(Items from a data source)
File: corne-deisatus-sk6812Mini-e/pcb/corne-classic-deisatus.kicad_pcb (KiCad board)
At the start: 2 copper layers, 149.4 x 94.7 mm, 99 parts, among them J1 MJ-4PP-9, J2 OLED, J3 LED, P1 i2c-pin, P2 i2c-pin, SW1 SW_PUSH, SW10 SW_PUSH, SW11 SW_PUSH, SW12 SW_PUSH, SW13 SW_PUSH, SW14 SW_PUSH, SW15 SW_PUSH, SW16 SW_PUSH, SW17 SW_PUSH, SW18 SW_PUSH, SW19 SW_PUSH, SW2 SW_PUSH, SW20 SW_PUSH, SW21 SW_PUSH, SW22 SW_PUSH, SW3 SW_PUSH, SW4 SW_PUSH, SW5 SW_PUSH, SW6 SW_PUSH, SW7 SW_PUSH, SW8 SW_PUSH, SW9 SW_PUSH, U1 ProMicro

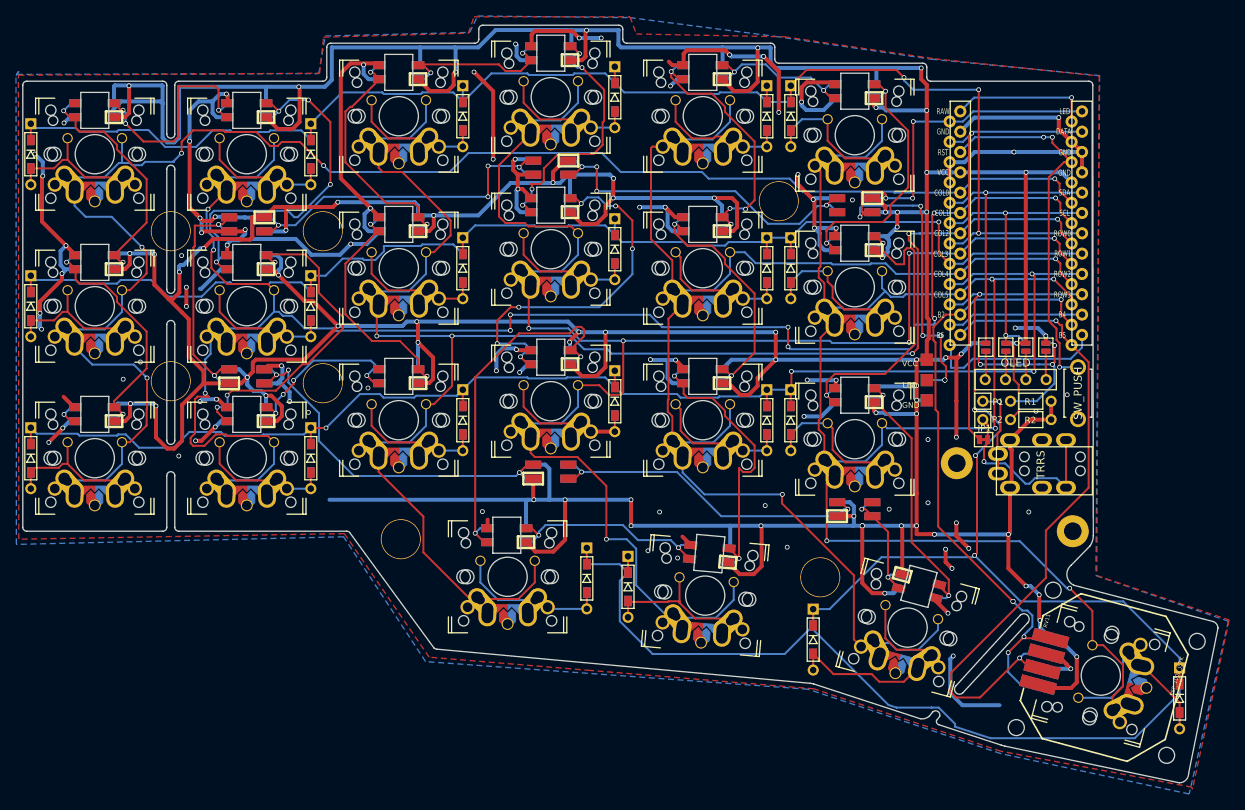
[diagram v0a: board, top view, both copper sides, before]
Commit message: added new pcb for new leds
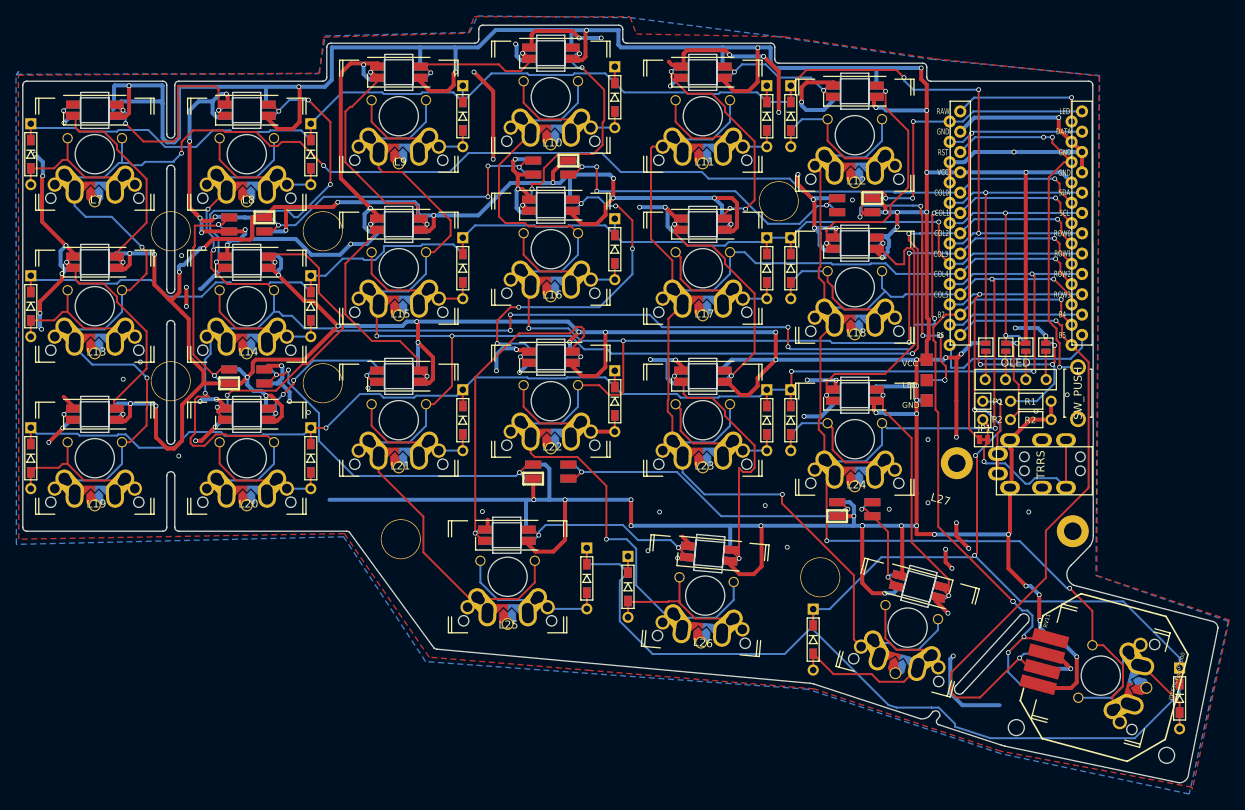
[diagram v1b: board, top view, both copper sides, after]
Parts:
- L10, L11, L12, L13, L14, L15, L16, L17, L18, L19, L20, L21, L22, L23, L24, L25, L26, L27, L7, L8, L9: value SK6812MINI -> SK6812MINI-E; footprint kbd:SK6812MINI_rev -> kbd:YS-SK6812MINI-E
- RV11: value PSP_1000_JSTK -> JOYSTICK-PSP1000; footprint HackPack_Footprints:JOYSTICK-PSP1000-reverse -> HackPack_Footprints:JOYSTICK-PSP1000
- SW20, SW21: footprint kailh-pg1425-x-switch:MX-ALPS-Choc-X-straight-crane2-u1.5 -> kailh-pg1425-x-switch:MX-ALPS-Choc-X-straight-crane2
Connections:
- L10 pad 1: Net-(L10-Pad1) -> VCC
- L10 pad 2: GND -> Net-(L10-Pad2)
- L10 pad 3: Net-(L10-Pad3) -> GND
- L10 pad 4: VCC -> Net-(L10-Pad4)
- L11 pad 1: Net-(L11-Pad1) -> VCC
- L11 pad 2: GND -> Net-(L11-Pad2)
- L11 pad 3: Net-(L11-Pad3) -> GND
- L11 pad 4: VCC -> Net-(L11-Pad4)
- L12 pad 1: Net-(L11-Pad3) -> VCC
- L12 pad 2: GND -> Net-(L11-Pad4)
- L12 pad 3: Net-(L12-Pad3) -> GND
- L12 pad 4: VCC -> Net-(L12-Pad4)
- L13 pad 1: Net-(L13-Pad1) -> VCC
- L13 pad 2: GND -> Net-(L13-Pad2)
- L13 pad 3: Net-(L13-Pad3) -> GND
- L13 pad 4: VCC -> Net-(L13-Pad4)
- L14 pad 1: Net-(L14-Pad1) -> VCC
- L14 pad 2: GND -> Net-(L14-Pad2)
- L14 pad 3: Net-(L14-Pad3) -> GND
- L14 pad 4: VCC -> Net-(L14-Pad4)
- L15 pad 1: Net-(L15-Pad1) -> VCC
- L15 pad 2: GND -> Net-(L15-Pad2)
- L15 pad 3: Net-(L15-Pad3) -> GND
- L15 pad 4: VCC -> Net-(L15-Pad4)
- L16 pad 1: Net-(L10-Pad3) -> VCC
- L16 pad 2: GND -> Net-(L10-Pad4)
- L16 pad 3: Net-(L16-Pad3) -> GND
- L16 pad 4: VCC -> Net-(L16-Pad4)
- L17 pad 1: Net-(L17-Pad1) -> VCC
- L17 pad 2: GND -> Net-(L17-Pad2)
- L17 pad 3: Net-(L11-Pad1) -> GND
- L17 pad 4: VCC -> Net-(L11-Pad2)
- L18 pad 1: Net-(L12-Pad3) -> VCC
- L18 pad 2: GND -> Net-(L12-Pad4)
- L18 pad 3: Net-(L18-Pad3) -> GND
- L18 pad 4: VCC -> Net-(L18-Pad4)
- L19 pad 1: Net-(L19-Pad1) -> VCC
- L19 pad 2: GND -> Net-(L19-Pad2)
- L19 pad 3: Net-(L13-Pad1) -> GND
- L19 pad 4: VCC -> Net-(L13-Pad2)
- L20 pad 1: Net-(L14-Pad3) -> VCC
- L20 pad 2: GND -> Net-(L14-Pad4)
- L20 pad 3: Net-(L20-Pad3) -> GND
- L20 pad 4: VCC -> Net-(L20-Pad4)
- L21 pad 1: Net-(L20-Pad3) -> VCC
- L21 pad 2: GND -> Net-(L20-Pad4)
- L21 pad 3: Net-(L15-Pad1) -> GND
- L21 pad 4: VCC -> Net-(L15-Pad2)
- L22 pad 1: Net-(L16-Pad3) -> VCC
- L22 pad 2: GND -> Net-(L16-Pad4)
- L22 pad 3: Net-(L22-Pad3) -> GND
- L22 pad 4: VCC -> Net-(L22-Pad4)
- L23 pad 1: Net-(L23-Pad1) -> VCC
- L23 pad 2: GND -> Net-(L23-Pad2)
- L23 pad 3: Net-(L17-Pad1) -> GND
- L23 pad 4: VCC -> Net-(L17-Pad2)
- L24 pad 1: Net-(L18-Pad3) -> VCC
- L24 pad 2: GND -> Net-(L18-Pad4)
- L24 pad 3: Net-(L24-Pad3) -> GND
- L24 pad 4: VCC -> Net-(L24-Pad4)
- L25 pad 1: Net-(L22-Pad3) -> VCC
- L25 pad 2: GND -> Net-(L22-Pad4)
- L25 pad 3: Net-(L25-Pad3) -> GND
- L25 pad 4: VCC -> Net-(L25-Pad4)
- L26 pad 1: Net-(L25-Pad3) -> VCC
- L26 pad 2: GND -> Net-(L25-Pad4)
- L26 pad 3: Net-(L23-Pad1) -> GND
- L26 pad 4: VCC -> Net-(L23-Pad2)
- L27 pad 1: Net-(L24-Pad3) -> VCC
- L27 pad 2: GND -> Net-(L24-Pad4)
- L27 pad 3: Net-(L27-Pad3) -> GND
- L27 pad 4: VCC -> Net-(L27-Pad4)
- L6 pad 1: Net-(L27-Pad3) -> Net-(L27-Pad4)
- L7 pad 1: Net-(L13-Pad3) -> VCC
- L7 pad 2: GND -> Net-(L13-Pad4)
- L7 pad 3: Net-(L7-Pad3) -> GND
- L7 pad 4: VCC -> Net-(L7-Pad4)
- L8 pad 1: Net-(L7-Pad3) -> VCC
- L8 pad 2: GND -> Net-(L7-Pad4)
- L8 pad 3: Net-(L14-Pad1) -> GND
- L8 pad 4: VCC -> Net-(L14-Pad2)
- L9 pad 1: Net-(L15-Pad3) -> VCC
- L9 pad 2: GND -> Net-(L15-Pad4)
- L9 pad 3: Net-(L10-Pad1) -> GND
- L9 pad 4: VCC -> Net-(L10-Pad2)
- RV11 pad 1: analogX -> AnalogX
- RV11 pad 3: analogY -> AnalogY
- U1 pad 11: Net-(U1-Pad11) -> AnalogY
- U1 pad 12: Net-(U1-Pad12) -> AnalogX
- U1 pad 13: analogY -> Net-(U1-Pad13)
- U1 pad 14: analogX -> Net-(U1-Pad14)
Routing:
- net GND: track 390.1 -> 250.1 mm, vias 86 -> 55
- net Net-(L13-Pad4): track 0.00 -> 28.5 mm, vias 0 -> 6
- net Net-(L11-Pad4): track 0.00 -> 23.8 mm, vias 0 -> 4
- net Net-(U1-Pad12): track 21.9 -> 0.00 mm
- net AnalogX: track 0.00 -> 21.9 mm
- net Net-(U1-Pad11): track 17.1 -> 0.00 mm
- net AnalogY: track 0.00 -> 17.1 mm
- net Net-(L10-Pad4): track 0.00 -> 14.4 mm, vias 0 -> 3
- net Net-(L12-Pad4): track 0.00 -> 12.0 mm, vias 0 -> 1
- net Net-(L11-Pad2): track 0.00 -> 10.8 mm, vias 0 -> 2
- net Net-(L24-Pad4): track 0.00 -> 9.35 mm, vias 0 -> 3
- net Net-(L17-Pad2): track 0.00 -> 9.30 mm, vias 0 -> 2
- net Net-(L20-Pad4): track 0.00 -> 9.00 mm, vias 0 -> 4
- net Net-(L22-Pad4): track 0.00 -> 8.77 mm, vias 0 -> 3
- net Net-(L13-Pad2): track 0.00 -> 6.52 mm, vias 0 -> 2

_Exercise objective_
Your answer should consist solely of the lines above from the line with "- L13 pad 1: Net-(L13-Pad1) -> VCC" to the line with "- L24 pad 2: GND -> Net-(L18-Pad4)", both included, reproduced exactly.

_Output for this exercise_
- L13 pad 1: Net-(L13-Pad1) -> VCC
- L13 pad 2: GND -> Net-(L13-Pad2)
- L13 pad 3: Net-(L13-Pad3) -> GND
- L13 pad 4: VCC -> Net-(L13-Pad4)
- L14 pad 1: Net-(L14-Pad1) -> VCC
- L14 pad 2: GND -> Net-(L14-Pad2)
- L14 pad 3: Net-(L14-Pad3) -> GND
- L14 pad 4: VCC -> Net-(L14-Pad4)
- L15 pad 1: Net-(L15-Pad1) -> VCC
- L15 pad 2: GND -> Net-(L15-Pad2)
- L15 pad 3: Net-(L15-Pad3) -> GND
- L15 pad 4: VCC -> Net-(L15-Pad4)
- L16 pad 1: Net-(L10-Pad3) -> VCC
- L16 pad 2: GND -> Net-(L10-Pad4)
- L16 pad 3: Net-(L16-Pad3) -> GND
- L16 pad 4: VCC -> Net-(L16-Pad4)
- L17 pad 1: Net-(L17-Pad1) -> VCC
- L17 pad 2: GND -> Net-(L17-Pad2)
- L17 pad 3: Net-(L11-Pad1) -> GND
- L17 pad 4: VCC -> Net-(L11-Pad2)
- L18 pad 1: Net-(L12-Pad3) -> VCC
- L18 pad 2: GND -> Net-(L12-Pad4)
- L18 pad 3: Net-(L18-Pad3) -> GND
- L18 pad 4: VCC -> Net-(L18-Pad4)
- L19 pad 1: Net-(L19-Pad1) -> VCC
- L19 pad 2: GND -> Net-(L19-Pad2)
- L19 pad 3: Net-(L13-Pad1) -> GND
- L19 pad 4: VCC -> Net-(L13-Pad2)
- L20 pad 1: Net-(L14-Pad3) -> VCC
- L20 pad 2: GND -> Net-(L14-Pad4)
- L20 pad 3: Net-(L20-Pad3) -> GND
- L20 pad 4: VCC -> Net-(L20-Pad4)
- L21 pad 1: Net-(L20-Pad3) -> VCC
- L21 pad 2: GND -> Net-(L20-Pad4)
- L21 pad 3: Net-(L15-Pad1) -> GND
- L21 pad 4: VCC -> Net-(L15-Pad2)
- L22 pad 1: Net-(L16-Pad3) -> VCC
- L22 pad 2: GND -> Net-(L16-Pad4)
- L22 pad 3: Net-(L22-Pad3) -> GND
- L22 pad 4: VCC -> Net-(L22-Pad4)
- L23 pad 1: Net-(L23-Pad1) -> VCC
- L23 pad 2: GND -> Net-(L23-Pad2)
- L23 pad 3: Net-(L17-Pad1) -> GND
- L23 pad 4: VCC -> Net-(L17-Pad2)
- L24 pad 1: Net-(L18-Pad3) -> VCC
- L24 pad 2: GND -> Net-(L18-Pad4)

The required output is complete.